The goal of this chapter is to introduce the groups of adeles of algebraic groups and develop some of their basic properties, thereby providing techniques that are fundamental in the arithmetic theory of algebraic groups. In section one, we first discuss the adelic spaces associated to arbitrary algebraic varieties defined over number fields, and then specialize this construction to linear algebraic groups. Then the group of rational points becomes a discrete subgroup of the locally compact group of adeles, which prompts one to develop a version of reduction theory in the adelic setting. This task is accomplished in the second and third sections. In section four, these results are applied to develop reduction theory for S-arithmetic groups and obtain for these the analogs of the statements established in Chapter 4 for arithmetic groups.

This chapter reviews the major results on algebraic number theory, cohomology (both abelian and nonabelian), and central simple algebras over local and global fields that are needed in later chapters.

This chapter assembles the material from the theory of linear algebraic groups that is used routinely in the remainder of the book. The first section summarizes the basic structure theory, including the classification of semisimple groups over algebraically closed fields. The second section discusses the classification of forms in terms of Galois cohomology, which is then applied in the third section to give a description of the classical groups. The fourth section contains miscellaneous results from algebraic geometry.

This chapter focuses on various properties of arithmetic groups that play a central role in the arithmetic theory of algebraic groups.
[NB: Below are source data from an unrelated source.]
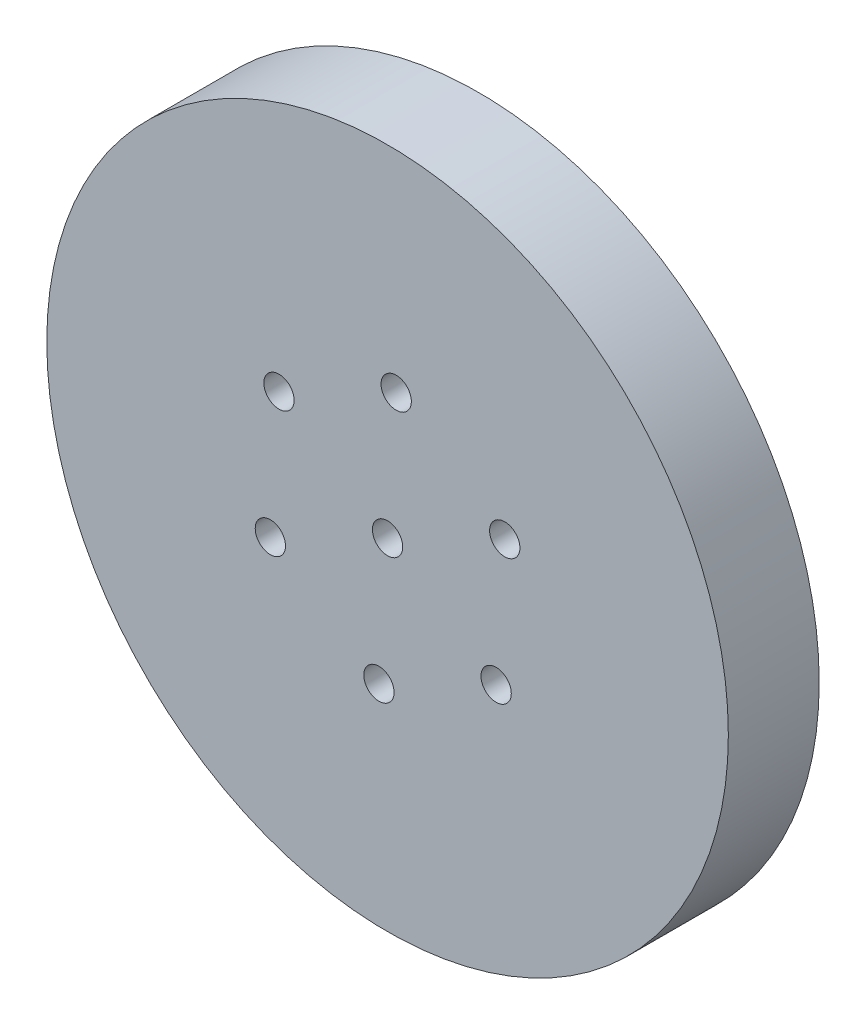
from build123d import *

# Parameters (mm, degrees)
SKETCH_1_R          = 45
EXTRUDE_1_DEPTH     = 12
SKETCH_5_R          = 2
CUT_EXTRUDE_1_DEPTH = 20
SKETCH_6_R          = 2
CUT_EXTRUDE_2_DEPTH = 21


with BuildPart() as part:
    # 草图1 → 凸台-拉伸1 (new body)
    with BuildSketch(Plane.XY):
        Circle(SKETCH_1_R)
    extrude(amount=EXTRUDE_1_DEPTH)

    # 草图5 → 切除-拉伸1 (cut)
    with BuildSketch(Plane(origin=(0, 0, 0), x_dir=(-1, 0, 0), z_dir=(0, 0, -1))):
        with Locations((-15.476254719, 7.618926425)):
            Circle(SKETCH_5_R)
        with Locations((-1.139943526, 17.212292955)):
            Circle(SKETCH_5_R)
        with Locations((14.336311193, 9.59336653)):
            Circle(SKETCH_5_R)
        with Locations((15.476254719, -7.618926425)):
            Circle(SKETCH_5_R)
        with Locations((1.139943526, -17.212292955)):
            Circle(SKETCH_5_R)
        with Locations((-14.336311193, -9.59336653)):
            Circle(SKETCH_5_R)
    extrude(amount=-CUT_EXTRUDE_1_DEPTH, mode=Mode.SUBTRACT)

    # 草图6 → 切除-拉伸2 (cut)
    with BuildSketch(Plane(origin=(0, 0, 0), x_dir=(-1, 0, 0), z_dir=(0, 0, -1))):
        Circle(SKETCH_6_R)
    extrude(amount=-CUT_EXTRUDE_2_DEPTH, mode=Mode.SUBTRACT)


solid = part.part
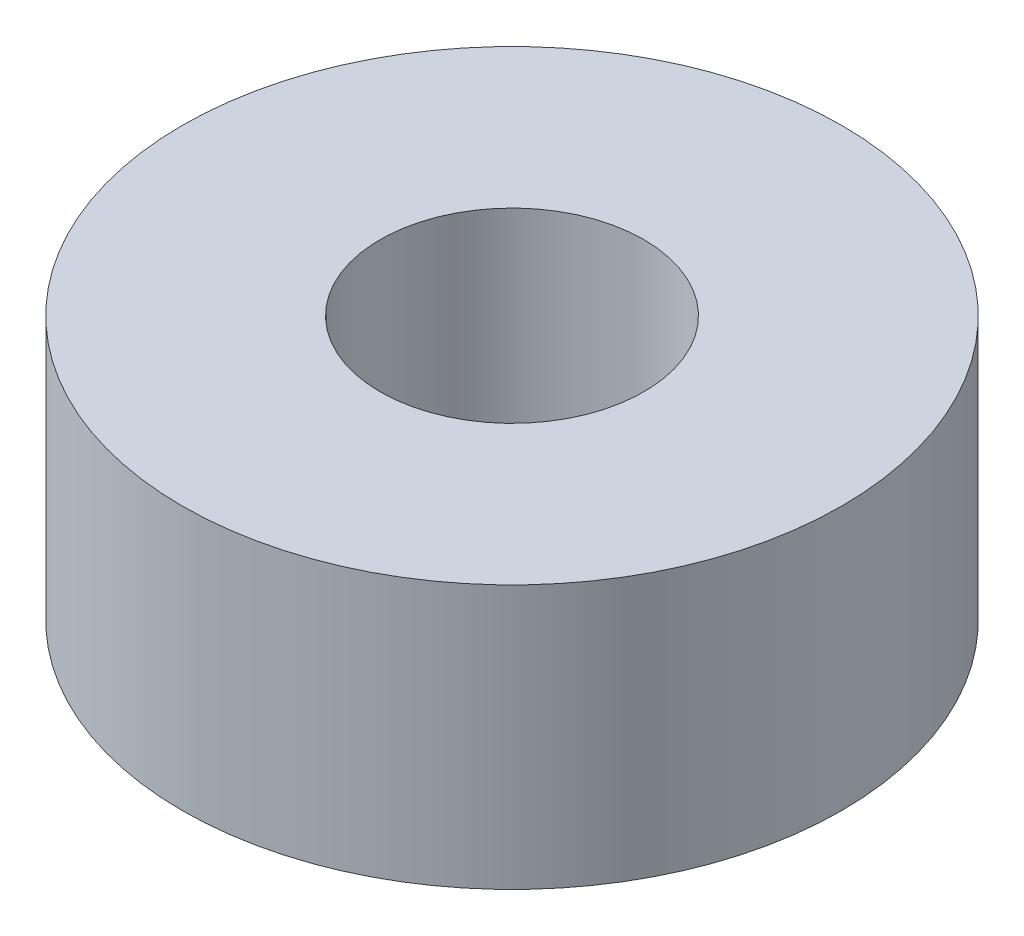
from build123d import *

# Parameters (mm, degrees)
SKETCH_1_R      = 5
SKETCH_1_R_2    = 2
EXTRUDE_1_DEPTH = 4


with BuildPart() as part:
    # 草图1 → 凸台-拉伸1 (new body)
    with BuildSketch(Plane(origin=(0, 0, 0), x_dir=(1, 0, 0), z_dir=(0, 1, 0))):
        with Locations(Location((0, 0, 0), (0, 0, 270))):
            Circle(SKETCH_1_R)
        with Locations(Location((0, 0, 0), (0, 0, 270))):
            Circle(SKETCH_1_R_2, mode=Mode.SUBTRACT)
    extrude(amount=EXTRUDE_1_DEPTH)


solid = part.part
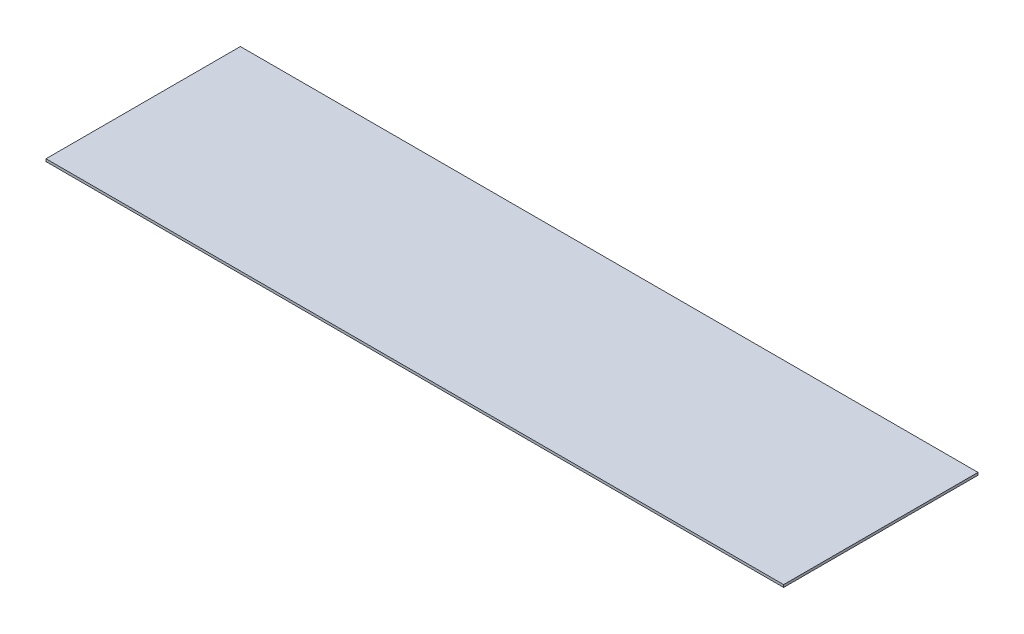
from build123d import *

# Parameters (mm, degrees)
SKETCH1_W           = 469.9
SKETCH1_H           = 123.825
BOSS_EXTRUDE1_DEPTH = 1.5875


with BuildPart() as part:
    # Sketch1 → Boss-Extrude1 (new body)
    with BuildSketch(Plane(origin=(0, 0, 0), x_dir=(1, 0, 0), z_dir=(0, 1, 0))):
        with Locations((169.731067505, -31.057803237)):
            Rectangle(SKETCH1_W, SKETCH1_H)
    extrude(amount=-BOSS_EXTRUDE1_DEPTH)


solid = part.part
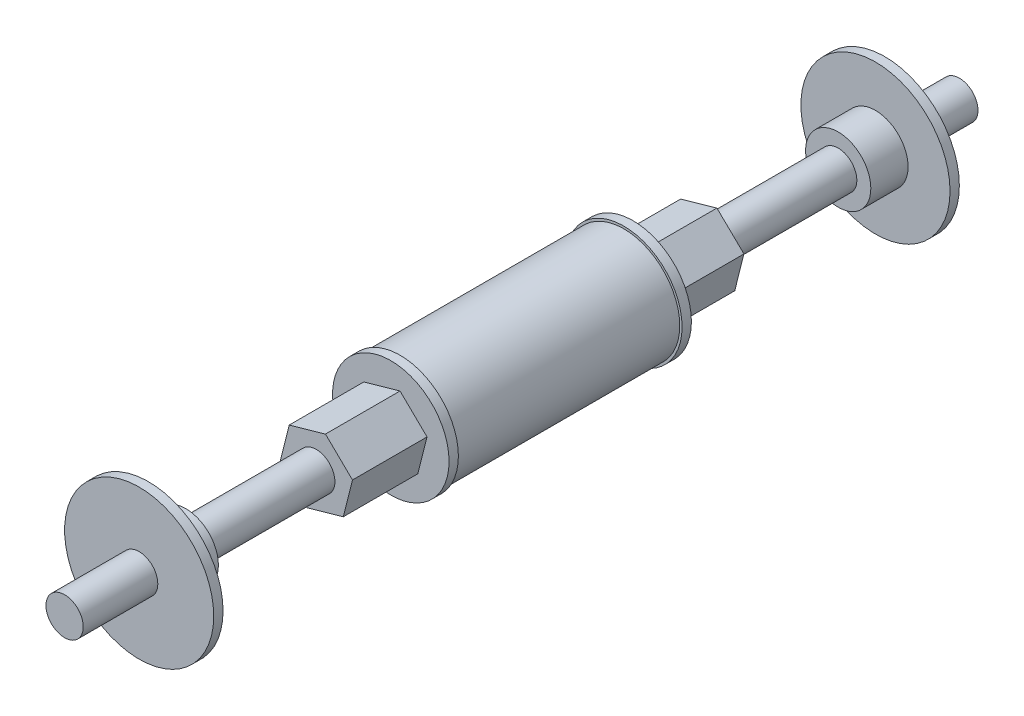
from build123d import *

# Parameters (mm, degrees)
SKETCH1_R           = 9.525
BOSS_EXTRUDE1_DEPTH = 19.05
SKETCH2_R           = 9.921875
BOSS_EXTRUDE2_DEPTH = 1.5875
BOSS_EXTRUDE3_DEPTH = 12.7
SKETCH4_R           = 3.175
BOSS_EXTRUDE4_DEPTH = 22.225
SKETCH5_R           = 5.55625
BOSS_EXTRUDE6_DEPTH = 6.35
SKETCH6_R           = 12.7
BOSS_EXTRUDE7_DEPTH = 1.5875
SKETCH7_R           = 3.175
BOSS_EXTRUDE8_DEPTH = 12.7


with BuildPart() as part:
    # Sketch1 → Boss-Extrude1 (new body)
    with BuildSketch(Plane.XY):
        Circle(SKETCH1_R)
    boss_extrude1 = extrude(amount=BOSS_EXTRUDE1_DEPTH)

    # Sketch2 → Boss-Extrude2 (add)
    with BuildSketch(Plane.XY.offset(19.05)):
        Circle(SKETCH2_R)
    boss_extrude2 = extrude(amount=BOSS_EXTRUDE2_DEPTH)

    # Sketch3 → Boss-Extrude3 (add)
    with BuildSketch(Plane.XY.offset(20.6375)):
        Polygon((4.603141218, -4.469188183), (6.17200111, 1.75184314), (1.568859892, 6.221031323), (-4.603141218, 4.469188183), (-6.17200111, -1.75184314), (-1.568859892, -6.221031323), align=None)
    boss_extrude3 = extrude(amount=BOSS_EXTRUDE3_DEPTH)

    # Sketch4 → Boss-Extrude4 (add)
    with BuildSketch(Plane.XY.offset(33.3375)):
        Circle(SKETCH4_R)
    boss_extrude4 = extrude(amount=BOSS_EXTRUDE4_DEPTH)

    # Sketch5 → Boss-Extrude6 (add)
    with BuildSketch(Plane.XY.offset(55.5625)):
        Circle(SKETCH5_R)
    boss_extrude6 = extrude(amount=BOSS_EXTRUDE6_DEPTH)

    # Sketch6 → Boss-Extrude7 (add)
    with BuildSketch(Plane.XY.offset(61.9125)):
        Circle(SKETCH6_R)
    boss_extrude7 = extrude(amount=BOSS_EXTRUDE7_DEPTH)

    # Sketch7 → Boss-Extrude8 (add)
    with BuildSketch(Plane.XY.offset(63.5)):
        Circle(SKETCH7_R)
    boss_extrude8 = extrude(amount=BOSS_EXTRUDE8_DEPTH)

    # Mirror1: Boss-Extrude1, Boss-Extrude2, Boss-Extrude3, Boss-Extrude4, Boss-Extrude6, Boss-Extrude7, Boss-Extrude8 across plane
    add(boss_extrude1.mirror(Plane.XY))
    add(boss_extrude2.mirror(Plane.XY))
    add(boss_extrude3.mirror(Plane.XY))
    add(boss_extrude4.mirror(Plane.XY))
    add(boss_extrude6.mirror(Plane.XY))
    add(boss_extrude7.mirror(Plane.XY))
    add(boss_extrude8.mirror(Plane.XY))


solid = part.part
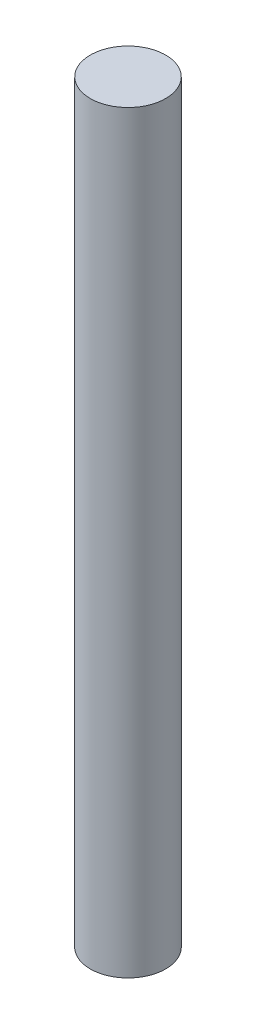
from build123d import *

# Parameters (mm, degrees)
SKETCH2_R           = 0.508
BOSS_EXTRUDE1_DEPTH = 10.16


with BuildPart() as part:
    # Sketch2 → Boss-Extrude1 (new body)
    with BuildSketch(Plane(origin=(0, 0, 0), x_dir=(1, 0, 0), z_dir=(0, 1, 0))):
        with Locations(Location((0, 0, 0), (0, 0, 270))):
            Circle(SKETCH2_R)
    extrude(amount=BOSS_EXTRUDE1_DEPTH)


solid = part.part

One of the key results, presented in sections two and three, is the construction due to Borel and Harish-Chandra of a fundamental set in the group of real points of an algebraic group defined over the rationals with respect to the subgroup of integral points. This result is then used in the fourth section to deduce a number of group-theoretic properties of arithmetic subgroups, in particular, their finite presentation. The fifth and sixth sections contain criteria for the quotient of the group of real points by the subgroup of integral points to be compact or to have finite Haar measure. The seventh section outlines some further points concerning reduction theory, including the construction of more refined fundamental sets and extensions of the previous statements to groups defined over arbitrary number fields. The eighth section discusses an open problem concerning finite arithmetic groups, while the ninth section, written for the second edition, presents results dealing with abstract arithmetic groups.

This chapter presents the theory of algebraic groups over locally compact fields. The first section discusses the key topological and analytic properties of the sets of rational points of algebraic varieties over local fields, and then applies these to the analysis of the groups of rational points of linear algebraic groups over such fields. The second section deals with the classical case where the field of definition is either the field of real numbers or the field of complex numbers. The third and fourth sections are devoted to algebraic groups over non-archimedean fields, and rely on techniques from the theory of profinite groups, the reduction of algebraic varieties, and Bruhat–Tits theory. The concluding section summarizes some results from measure theory that are needed for subsequent chapters.